Os investigadores federais afirmam que Érika não possuía qualificação para gerir as atividades das empresas e que a maioria das transações era realizada em dinheiro vivo.

Relatório Revela Crescimento Exorbitante do Patrimônio da Esposa de Delegado Investigado por Caso Marielle
Relatório Revela Crescimento Exorbitante do Patrimônio da Esposa de Delegado Investigado por Caso Marielle (Foto: Reprodução)


Um relatório da Polícia Federal sobre as mortes da vereadora Marielle Franco e do motorista Anderson Gomes expôs um aumento significativo no patrimônio de Érika Andrade de Almeida Araújo, esposa do então líder da Delegacia de Homicídios do Rio de Janeiro, Rivaldo Barbosa, durante o período em que ele ocupou o cargo. Segundo a PF, ela passou a receber vultosos lucros provenientes das empresas fundadas por seu marido. Sua renda anual saltou de R$ 32,6 mil em 2014 para R$ 504 mil em 2015, representando um crescimento de impressionantes 1.444% (veja o gráfico abaixo).

Os valores foram identificados como lucros de duas empresas: Mais I Consultoria Empresarial e Armis Consultoria Eireli. Os principais clientes desses empreendimentos estão vinculados ao setor da construção civil. A PF sugere que Érika e Rivaldo tenham optado por concentrar as movimentações financeiras provenientes das empresas nas contas de Érika para evitar chamar a atenção dos órgãos de controle, dada a proeminência de Rivaldo em sua carreira pública.

Os investigadores federais afirmam que Érika não possuía qualificação para gerir as atividades das empresas e que a maioria das transações era realizada em dinheiro vivo. Segundo o relatório, Érika foi encontrada trabalhando em uma loja de móveis de sua irmã, o que reforça a suspeita de que ela era uma mera "laranja" nos empreendimentos de fato administrados por Rivaldo.

As conclusões das investigações indicam que Rivaldo Barbosa realizava negócios com "contraventores, milicianos e políticos" visando enriquecimento financeiro e político.

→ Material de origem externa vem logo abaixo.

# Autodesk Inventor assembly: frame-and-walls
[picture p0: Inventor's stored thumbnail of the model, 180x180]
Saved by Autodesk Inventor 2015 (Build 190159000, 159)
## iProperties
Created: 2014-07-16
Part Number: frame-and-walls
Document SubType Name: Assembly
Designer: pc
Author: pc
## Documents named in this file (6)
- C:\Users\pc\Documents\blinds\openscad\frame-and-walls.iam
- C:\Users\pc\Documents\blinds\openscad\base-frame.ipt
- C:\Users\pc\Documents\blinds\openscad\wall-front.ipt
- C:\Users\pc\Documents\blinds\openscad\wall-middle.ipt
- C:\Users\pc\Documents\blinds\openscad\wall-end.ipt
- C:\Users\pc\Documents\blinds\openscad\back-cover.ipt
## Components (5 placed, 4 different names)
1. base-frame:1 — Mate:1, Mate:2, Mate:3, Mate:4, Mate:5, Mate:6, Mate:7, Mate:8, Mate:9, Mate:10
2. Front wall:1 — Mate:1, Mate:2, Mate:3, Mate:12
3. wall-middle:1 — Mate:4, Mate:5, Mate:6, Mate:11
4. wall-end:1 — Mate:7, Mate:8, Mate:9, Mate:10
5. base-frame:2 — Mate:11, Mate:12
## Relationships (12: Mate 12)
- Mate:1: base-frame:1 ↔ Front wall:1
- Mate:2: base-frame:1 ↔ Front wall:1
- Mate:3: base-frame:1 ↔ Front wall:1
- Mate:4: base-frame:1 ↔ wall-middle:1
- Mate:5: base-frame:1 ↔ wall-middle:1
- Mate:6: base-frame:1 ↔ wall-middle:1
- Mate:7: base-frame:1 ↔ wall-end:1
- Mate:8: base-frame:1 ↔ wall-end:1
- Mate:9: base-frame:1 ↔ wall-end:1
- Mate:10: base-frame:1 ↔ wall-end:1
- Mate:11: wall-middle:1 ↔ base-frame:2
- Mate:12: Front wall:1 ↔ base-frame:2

"Aqui se revela a faceta mais sórdida de sua atuação. Rivaldo lucrava enquanto organizações criminosas ceifavam vidas na Região Metropolitana do Rio de Janeiro. A criação desse ambiente nocivo possibilitou o fortalecimento de grupos criminosos, já que a omissão deliberada na repressão dos crimes de homicídio alimentava um terreno fértil para toda sorte de criminalidade, sendo o homicídio o esgoto onde desaguavam os reflexos dos demais crimes", conclui o relatório.